Following a 2015 trial in a lawsuit brought by children’s advocacy groups, federal district judge Janis Jack of Corpus Christi also concluded that state leaders can’t be trusted to reform the system on their own. Her blistering, 260-page verdict delivered in December 2015 accused state officials of deep-sixing an internal review that revealed “staggering” failures in child abuse investigations. She scolded one state witness who attempted to manipulate department data, including lowering child fatality stats. The judge chastised another state expert who, in an attempt to debunk the plaintiffs’ claims, further traumatized a teenage girl who’d already been battered by the system.
Since then, lawyers with Texas Attorney General Ken Paxton’s office have spent millions fighting the suit in court, where they’ve mostly lost. Until this month, when a ruling in the state’s latest challenge delivered a victory of sorts. Last week, a federal appeals court blocked a major piece of Jack’s order that would’ve required the state to revamp its dysfunctional computer system for tracking kids in foster care. Paxton’s office hasn’t said whether it plans to file more appeals in the case.
“From our perspective, the time for the state to fight is over and the time for the state to fix is at hand,” said Paul Yetter, a Houston attorney representing several foster children in the lawsuit. “The tragedy of this delay is that the state is determined to continue putting children through a system where they come out worse than when they entered.”
Child advocacy groups sued Texas in 2011, accusing the Department of Family and Protective Services of showing deliberate indifference to the roughly 12,000 kids stuck in long-term foster care until they age out of the system. The case highlighted stories of abuse and neglect suffered by numerous children in long-term foster care and argued such treatment is the norm rather than the exception. Jack ultimately agreed, writing that evidence presented at trial had revealed the state ignored internal failures for years and showed a “systemic willingness to put children in harm’s way.”

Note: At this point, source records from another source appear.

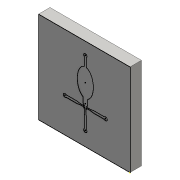
# Autodesk Inventor part: droplet-generator
Saved by Autodesk Inventor 2016 (Build 200138000, 138)
## iProperties
Created: 2018-10-05
Part Number: droplet-generator
Material: Genérico
Document SubType Name: Modeling
Designer: Joseahpacho
Density: 1 g/cm^3
Appearance: Valor por defecto
Author: Joseahpacho
Autodesk Inventor part; units mm, degrees
ref_plane "YZ Plane" through (0, 0, 0) normal (1, 0, 0) x (0, 1, 0)
ref_plane "XZ Plane" through (0, 0, 0) normal (0, 1, 0) x (-1, 0, 0)
ref_plane "XY Plane" through (0, 0, 0) normal (0, 0, 1) x (1, 0, 0)
sketch "Boceto1" plane through (0, 0, 0) normal (0, 1, 0) x (-1, 0, 0)
  arc A0 (19.363, 14.6519) -> (19.2523, 14.77) centre (19.0755, 14.4935) ccw
  arc A1 (19.9736, 14.77) -> (19.863, 14.6519) centre (20.1504, 14.4935) ccw
  ellipse E0 centre (19.613, 24.2247) end of major axis (19.613, 30.2556) minor radius 3.5091 (19.113, 30.1941) -> (18.6267, 18.4369) ccw
  arc A2 (18.6267, 16.2507) -> (19.2422, 15.3368) centre (19.613, 16.2507) ccw
  arc A3 (19.9837, 15.3368) -> (20.5992, 16.2507) centre (19.613, 16.2507) ccw
  line L0 (20.5992, 16.2507) -> (20.5992, 18.4369)
  line L1 (23.3999, 14.52) -> (21.7772, 14.77)
  line L2 (21.7772, 15.27) -> (23.3999, 15.52)
  line L3 (40, 0) -> (0, 0)
  line L4 (18.6267, 16.2507) -> (18.6267, 18.4369)
  ellipse E1 centre (19.613, 24.2247) end of major axis (19.613, 30.2556) minor radius 3.5091 (20.5992, 18.4369) -> (20.113, 30.1941) ccw
  line L5 (21.7772, 14.77) -> (19.9736, 14.77)
  line L6 (19.997, 15.27) -> (21.7772, 15.27)
  line L7 (19.997, 15.27) -> (19.9109, 15.27)
  line L8 (19.9109, 15.27) -> (19.9837, 15.3368)
  line L9 (19.2289, 15.27) -> (19.315, 15.27)
  line L10 (19.315, 15.27) -> (19.2422, 15.3368)
  arc A4 (27.9362, 14.52) -> (27.9362, 15.52) centre (28.4952, 15.02) ccw
  line L11 (23.3999, 15.52) -> (27.9362, 15.52)
  line L12 (23.3999, 14.52) -> (27.9362, 14.52)
  line L13 (15.8494, 15.52) -> (17.4722, 15.27)
  line L14 (17.4722, 14.77) -> (15.8494, 14.52)
  line L15 (17.4722, 15.27) -> (19.2757, 15.27)
  line L16 (19.2523, 14.77) -> (17.4722, 14.77)
  arc A5 (11.3132, 15.52) -> (11.3132, 14.52) centre (10.7541, 15.02) ccw
  line L17 (15.8494, 14.52) -> (11.3132, 14.52)
  line L18 (15.8494, 15.52) -> (11.3132, 15.52)
  line L19 (19.863, 12.8717) -> (20.113, 11.249)
  line L20 (19.113, 11.249) -> (19.363, 12.8717)
  line L21 (20.113, 11.249) -> (20.113, 6.7127)
  arc A6 (19.113, 6.7127) -> (20.113, 6.7127) centre (19.613, 6.1537) ccw
  line L22 (19.113, 11.249) -> (19.113, 6.7127)
  line L23 (19.363, 12.8717) -> (19.363, 14.6519)
  line L24 (19.863, 14.6519) -> (19.863, 12.8717)
  arc A7 (20.113, 33.9983) -> (19.113, 33.9983) centre (19.613, 34.5573) ccw
  line L25 (19.113, 30.1941) -> (19.113, 33.9983)
  line L26 (20.113, 30.1941) -> (20.113, 33.9983)
  line L27 (0, 0) -> (0, 40)
  line L28 (0, 40) -> (40, 40)
  line L29 (40, 40) -> (40, 0)
  constraints: 60 end point, 16 point on circle, 8 centre point, 2 horizontal, 2 perpendicular, 1 point on line, 1 vertical, 8 other
extrude "Extrusión1" add sketch "Boceto1" along normal blind 5 contours A0 L16 L14 L17 A5 L18 L13 L15 L9 L10 A2 L4 E0 L25 A7 L26 E1 L0 A3 L8 L7 L6 L2 L11 A4 L12 L1 L5 A1 L24 L19 L21 A6 L22 L20 L23 | L3 L27 L28 L29
extrude "Extrusión2" cut sketch "Boceto1" along normal blind 0.2 contours A0 L16 L14 L17 A5 L18 L13 L15 L9 L10 A2 L4 E0 L25 A7 L26 E1 L0 A3 L8 L7 L6 L2 L11 A4 L12 L1 L5 A1 L24 L19 L21 A6 L22 L20 L23
sketch "Boceto2" plane through (0, 0.2, 0) normal (0, -1, 0) x (1, 0, 0)
  arc A0 (-19.113, 33.9983) -> (-20.113, 33.9983) centre (-19.613, 34.5573) ccw projected
  arc A1 (-11.3132, 14.52) -> (-11.3132, 15.52) centre (-10.7541, 15.02) ccw projected
  arc A2 (-20.113, 6.7127) -> (-19.113, 6.7127) centre (-19.613, 6.1537) ccw projected
  arc A3 (-27.9362, 15.52) -> (-27.9362, 14.52) centre (-28.4952, 15.02) ccw projected
  circle A4 centre (-28.4952, 15.02) radius 0.35
  circle A5 centre (-19.613, 6.1537) radius 0.35
  circle A6 centre (-10.7541, 15.02) radius 0.35
  circle A7 centre (-19.613, 34.5573) radius 0.35
  point P0 (0, 0)
  dimension "d11" = 0.7
  dimension "d12" = 0.7
  dimension "d13" = 0.7
  dimension "d14" = 0.7
  constraints: 4 centre point, 4 coincident
  measures "d11" diameter of A4
  measures "d12" diameter of A5
  measures "d13" diameter of A6
  measures "d14" diameter of A7
extrude "Extrusión3" cut sketch "Boceto2" against normal through all

Marcia Lowry, executive director of A Better Childhood, one of the groups that sued the state, says Texas has fought harder than other states where advocates have pushed for reforms. According to the Dallas Morning News, Paxton’s office has spent nearly $10 million fighting the 8-year-old lawsuit.
“Texas is unique in that plaintiffs won a large part of the case, and yet the state continues to appeal basically as many times as they can,” Lowry told the Observer. “It’s very troubling that the state continues to fight for a system that is demonstrably harmful to children, that they’d clearly rather spend their money fighting ruling after ruling rather than take the necessary steps to fix the system.” She hopes Texas stops fighting after this month’s appeals court ruling.
If past is prologue, that’s unlikely. While the state largely lost its latest challenge, it still has some legal runway. Paxton’s office could still delay the reforms the courts have left standing by filing even more challenges with the federal Fifth Circuit appeals court — or, if that fails, take the case to the U.S. Supreme Court. In an emailed statement, Paxton spokesperson Marc Rylander applauded the Fifth Circuit for “rolling back this significant judicial overreach,” while also saying the office is still considering whether to keep challenging provisions the courts haven’t yet blocked. Governor Greg Abbott — who first defended the state against the lawsuit when it was filed during his tenure as attorney general — has publicly urged the courts to toss the case, citing some $500 million in new funding lawmakers allocated to the system two years ago for new hires and raises for overburdened caseworkers.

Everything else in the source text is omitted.